(Records from a dataset)
# # #
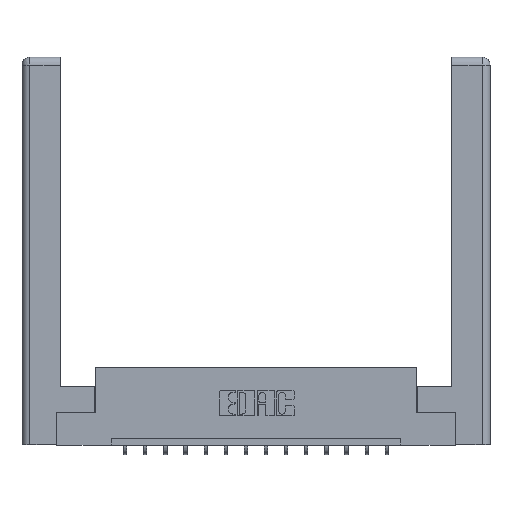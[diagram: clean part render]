
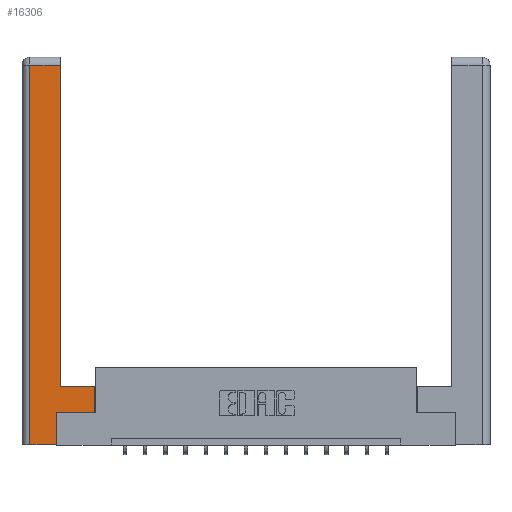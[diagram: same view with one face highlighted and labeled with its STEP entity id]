
A CAD part, top view. The second image highlights one B-rep face of the part: STEP entity #16306.
In plain terms, the highlighted planar face has unit normal (0, 0, 1).
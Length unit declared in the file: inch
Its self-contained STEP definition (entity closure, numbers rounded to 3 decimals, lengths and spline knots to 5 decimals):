
#33 = VECTOR ( 'NONE', #9233, 39.37008 ) ;
#392 = VERTEX_POINT ( 'NONE', #15237 ) ;
#905 = CARTESIAN_POINT ( 'NONE',  ( 0.265, 0.245, 0. ) ) ;
#1146 = LINE ( 'NONE', #4113, #2574 ) ;
#1527 = VERTEX_POINT ( 'NONE', #14548 ) ;
#2090 = CARTESIAN_POINT ( 'NONE',  ( 0.0615, 2.94, 0. ) ) ;
#2414 = CARTESIAN_POINT ( 'NONE',  ( 0.565, 0.45, 0. ) ) ;
#2574 = VECTOR ( 'NONE', #15525, 39.37008 ) ;
#2589 = DIRECTION ( 'NONE',  ( -1., 0., 0. ) ) ;
#2604 = VECTOR ( 'NONE', #15812, 39.37008 ) ;
#2819 = ORIENTED_EDGE ( 'NONE', *, *, #16593, .T. ) ;
#3337 = CARTESIAN_POINT ( 'NONE',  ( 0.565, 0.45, 0. ) ) ;
#3830 = CARTESIAN_POINT ( 'NONE',  ( 0.565, 0.245, 0. ) ) ;
#3939 = DIRECTION ( 'NONE',  ( 1., 0., 0. ) ) ;
#4113 = CARTESIAN_POINT ( 'NONE',  ( 0.0615, 0., 0. ) ) ;
#4242 = CARTESIAN_POINT ( 'NONE',  ( 0.295, 3., 0. ) ) ;
#4461 = VERTEX_POINT ( 'NONE', #2090 ) ;
#4954 = VERTEX_POINT ( 'NONE', #13123 ) ;
#5233 = LINE ( 'NONE', #2414, #7033 ) ;
#5357 = VECTOR ( 'NONE', #7497, 39.37008 ) ;
#5381 = EDGE_CURVE ( 'NONE', #392, #14275, #13060, .T. ) ;
#6147 = EDGE_CURVE ( 'NONE', #7818, #11671, #10586, .T. ) ;
#6274 = CARTESIAN_POINT ( 'NONE',  ( 0.295, 0.45, 0. ) ) ;
#6314 = CARTESIAN_POINT ( 'NONE',  ( 0.0615, 2.94, 0. ) ) ;
#6333 = DIRECTION ( 'NONE',  ( 0., 1., 0. ) ) ;
#7033 = VECTOR ( 'NONE', #6333, 39.37008 ) ;
#7497 = DIRECTION ( 'NONE',  ( 0., 1., 0. ) ) ;
#7818 = VERTEX_POINT ( 'NONE', #3337 ) ;
#8476 = LINE ( 'NONE', #15450, #15582 ) ;
#9026 = DIRECTION ( 'NONE',  ( 0., 0., -1. ) ) ;
#9233 = DIRECTION ( 'NONE',  ( -1., 0., 0. ) ) ;
#9713 = CARTESIAN_POINT ( 'NONE',  ( 0.265, 0., 0. ) ) ;
#9742 = ORIENTED_EDGE ( 'NONE', *, *, #6147, .T. ) ;
#9832 = LINE ( 'NONE', #9713, #12288 ) ;
#9867 = ORIENTED_EDGE ( 'NONE', *, *, #14572, .T. ) ;
#10187 = VECTOR ( 'NONE', #10888, 39.37008 ) ;
#10586 = LINE ( 'NONE', #15915, #33 ) ;
#10695 = EDGE_CURVE ( 'NONE', #4954, #4461, #14246, .T. ) ;
#10888 = DIRECTION ( 'NONE',  ( -1., 0., 0. ) ) ;
#11099 = FACE_OUTER_BOUND ( 'NONE', #14337, .T. ) ;
#11671 = VERTEX_POINT ( 'NONE', #6274 ) ;
#11720 = DIRECTION ( 'NONE',  ( 1., 0., 0. ) ) ;
#12142 = ORIENTED_EDGE ( 'NONE', *, *, #16000, .T. ) ;
#12288 = VECTOR ( 'NONE', #11720, 39.37008 ) ;
#12792 = VERTEX_POINT ( 'NONE', #3830 ) ;
#12911 = PLANE ( 'NONE',  #12947 ) ;
#12947 = AXIS2_PLACEMENT_3D ( 'NONE', #16766, #9026, #2589 ) ;
#12950 = LINE ( 'NONE', #4242, #2604 ) ;
#13060 = LINE ( 'NONE', #905, #5357 ) ;
#13123 = CARTESIAN_POINT ( 'NONE',  ( 0.295, 2.94, 0. ) ) ;
#13179 = EDGE_CURVE ( 'NONE', #14275, #12792, #8476, .T. ) ;
#13532 = ORIENTED_EDGE ( 'NONE', *, *, #13179, .T. ) ;
#13865 = EDGE_CURVE ( 'NONE', #12792, #7818, #5233, .T. ) ;
#14082 = ORIENTED_EDGE ( 'NONE', *, *, #10695, .T. ) ;
#14246 = LINE ( 'NONE', #6314, #10187 ) ;
#14275 = VERTEX_POINT ( 'NONE', #14389 ) ;
#14337 = EDGE_LOOP ( 'NONE', ( #12142, #14082, #2819, #9867, #14625, #13532, #15276, #9742 ) ) ;
#14389 = CARTESIAN_POINT ( 'NONE',  ( 0.265, 0.245, 0. ) ) ;
#14548 = CARTESIAN_POINT ( 'NONE',  ( 0.0615, 0., 0. ) ) ;
#14572 = EDGE_CURVE ( 'NONE', #1527, #392, #9832, .T. ) ;
#14625 = ORIENTED_EDGE ( 'NONE', *, *, #5381, .T. ) ;
#15237 = CARTESIAN_POINT ( 'NONE',  ( 0.265, 0., 0. ) ) ;
#15276 = ORIENTED_EDGE ( 'NONE', *, *, #13865, .T. ) ;
#15450 = CARTESIAN_POINT ( 'NONE',  ( 0.565, 0.245, 0. ) ) ;
#15525 = DIRECTION ( 'NONE',  ( 0., -1., 0. ) ) ;
#15582 = VECTOR ( 'NONE', #3939, 39.37008 ) ;
#15812 = DIRECTION ( 'NONE',  ( 0., 1., 0. ) ) ;
#15915 = CARTESIAN_POINT ( 'NONE',  ( 0.295, 0.45, 0. ) ) ;
#16000 = EDGE_CURVE ( 'NONE', #11671, #4954, #12950, .T. ) ;
#16306 = ADVANCED_FACE ( 'NONE', ( #11099 ), #12911, .F. ) ;
#16593 = EDGE_CURVE ( 'NONE', #4461, #1527, #1146, .T. ) ;
#16766 = CARTESIAN_POINT ( 'NONE',  ( 0., 0., 0. ) ) ;
# # #
• **TASK INSTRUCTIONS**
An exact reprint of the records above is required, with all pictures left out.

• **SOLUTION TO THE EXERCISE**
[diagram: clean part render]
[diagram: same view with one face highlighted and labeled with its STEP entity id]
A CAD part, top view. The second image highlights one B-rep face of the part: STEP entity #16306.
In plain terms, the highlighted planar face has unit normal (0, 0, 1).
Length unit declared in the file: inch
Its self-contained STEP definition (entity closure, numbers rounded to 3 decimals, lengths and spline knots to 5 decimals):
#33 = VECTOR ( 'NONE', #9233, 39.37008 ) ;
#392 = VERTEX_POINT ( 'NONE', #15237 ) ;
#905 = CARTESIAN_POINT ( 'NONE',  ( 0.265, 0.245, 0. ) ) ;
#1146 = LINE ( 'NONE', #4113, #2574 ) ;
#1527 = VERTEX_POINT ( 'NONE', #14548 ) ;
#2090 = CARTESIAN_POINT ( 'NONE',  ( 0.0615, 2.94, 0. ) ) ;
#2414 = CARTESIAN_POINT ( 'NONE',  ( 0.565, 0.45, 0. ) ) ;
#2574 = VECTOR ( 'NONE', #15525, 39.37008 ) ;
#2589 = DIRECTION ( 'NONE',  ( -1., 0., 0. ) ) ;
#2604 = VECTOR ( 'NONE', #15812, 39.37008 ) ;
#2819 = ORIENTED_EDGE ( 'NONE', *, *, #16593, .T. ) ;
#3337 = CARTESIAN_POINT ( 'NONE',  ( 0.565, 0.45, 0. ) ) ;
#3830 = CARTESIAN_POINT ( 'NONE',  ( 0.565, 0.245, 0. ) ) ;
#3939 = DIRECTION ( 'NONE',  ( 1., 0., 0. ) ) ;
#4113 = CARTESIAN_POINT ( 'NONE',  ( 0.0615, 0., 0. ) ) ;
#4242 = CARTESIAN_POINT ( 'NONE',  ( 0.295, 3., 0. ) ) ;
#4461 = VERTEX_POINT ( 'NONE', #2090 ) ;
#4954 = VERTEX_POINT ( 'NONE', #13123 ) ;
#5233 = LINE ( 'NONE', #2414, #7033 ) ;
#5357 = VECTOR ( 'NONE', #7497, 39.37008 ) ;
#5381 = EDGE_CURVE ( 'NONE', #392, #14275, #13060, .T. ) ;
#6147 = EDGE_CURVE ( 'NONE', #7818, #11671, #10586, .T. ) ;
#6274 = CARTESIAN_POINT ( 'NONE',  ( 0.295, 0.45, 0. ) ) ;
#6314 = CARTESIAN_POINT ( 'NONE',  ( 0.0615, 2.94, 0. ) ) ;
#6333 = DIRECTION ( 'NONE',  ( 0., 1., 0. ) ) ;
#7033 = VECTOR ( 'NONE', #6333, 39.37008 ) ;
#7497 = DIRECTION ( 'NONE',  ( 0., 1., 0. ) ) ;
#7818 = VERTEX_POINT ( 'NONE', #3337 ) ;
#8476 = LINE ( 'NONE', #15450, #15582 ) ;
#9026 = DIRECTION ( 'NONE',  ( 0., 0., -1. ) ) ;
#9233 = DIRECTION ( 'NONE',  ( -1., 0., 0. ) ) ;
#9713 = CARTESIAN_POINT ( 'NONE',  ( 0.265, 0., 0. ) ) ;
#9742 = ORIENTED_EDGE ( 'NONE', *, *, #6147, .T. ) ;
#9832 = LINE ( 'NONE', #9713, #12288 ) ;
#9867 = ORIENTED_EDGE ( 'NONE', *, *, #14572, .T. ) ;
#10187 = VECTOR ( 'NONE', #10888, 39.37008 ) ;
#10586 = LINE ( 'NONE', #15915, #33 ) ;
#10695 = EDGE_CURVE ( 'NONE', #4954, #4461, #14246, .T. ) ;
#10888 = DIRECTION ( 'NONE',  ( -1., 0., 0. ) ) ;
#11099 = FACE_OUTER_BOUND ( 'NONE', #14337, .T. ) ;
#11671 = VERTEX_POINT ( 'NONE', #6274 ) ;
#11720 = DIRECTION ( 'NONE',  ( 1., 0., 0. ) ) ;
#12142 = ORIENTED_EDGE ( 'NONE', *, *, #16000, .T. ) ;
#12288 = VECTOR ( 'NONE', #11720, 39.37008 ) ;
#12792 = VERTEX_POINT ( 'NONE', #3830 ) ;
#12911 = PLANE ( 'NONE',  #12947 ) ;
#12947 = AXIS2_PLACEMENT_3D ( 'NONE', #16766, #9026, #2589 ) ;
#12950 = LINE ( 'NONE', #4242, #2604 ) ;
#13060 = LINE ( 'NONE', #905, #5357 ) ;
#13123 = CARTESIAN_POINT ( 'NONE',  ( 0.295, 2.94, 0. ) ) ;
#13179 = EDGE_CURVE ( 'NONE', #14275, #12792, #8476, .T. ) ;
#13532 = ORIENTED_EDGE ( 'NONE', *, *, #13179, .T. ) ;
#13865 = EDGE_CURVE ( 'NONE', #12792, #7818, #5233, .T. ) ;
#14082 = ORIENTED_EDGE ( 'NONE', *, *, #10695, .T. ) ;
#14246 = LINE ( 'NONE', #6314, #10187 ) ;
#14275 = VERTEX_POINT ( 'NONE', #14389 ) ;
#14337 = EDGE_LOOP ( 'NONE', ( #12142, #14082, #2819, #9867, #14625, #13532, #15276, #9742 ) ) ;
#14389 = CARTESIAN_POINT ( 'NONE',  ( 0.265, 0.245, 0. ) ) ;
#14548 = CARTESIAN_POINT ( 'NONE',  ( 0.0615, 0., 0. ) ) ;
#14572 = EDGE_CURVE ( 'NONE', #1527, #392, #9832, .T. ) ;
#14625 = ORIENTED_EDGE ( 'NONE', *, *, #5381, .T. ) ;
#15237 = CARTESIAN_POINT ( 'NONE',  ( 0.265, 0., 0. ) ) ;
#15276 = ORIENTED_EDGE ( 'NONE', *, *, #13865, .T. ) ;
#15450 = CARTESIAN_POINT ( 'NONE',  ( 0.565, 0.245, 0. ) ) ;
#15525 = DIRECTION ( 'NONE',  ( 0., -1., 0. ) ) ;
#15582 = VECTOR ( 'NONE', #3939, 39.37008 ) ;
#15812 = DIRECTION ( 'NONE',  ( 0., 1., 0. ) ) ;
#15915 = CARTESIAN_POINT ( 'NONE',  ( 0.295, 0.45, 0. ) ) ;
#16000 = EDGE_CURVE ( 'NONE', #11671, #4954, #12950, .T. ) ;
#16306 = ADVANCED_FACE ( 'NONE', ( #11099 ), #12911, .F. ) ;
#16593 = EDGE_CURVE ( 'NONE', #4461, #1527, #1146, .T. ) ;
#16766 = CARTESIAN_POINT ( 'NONE',  ( 0., 0., 0. ) ) ;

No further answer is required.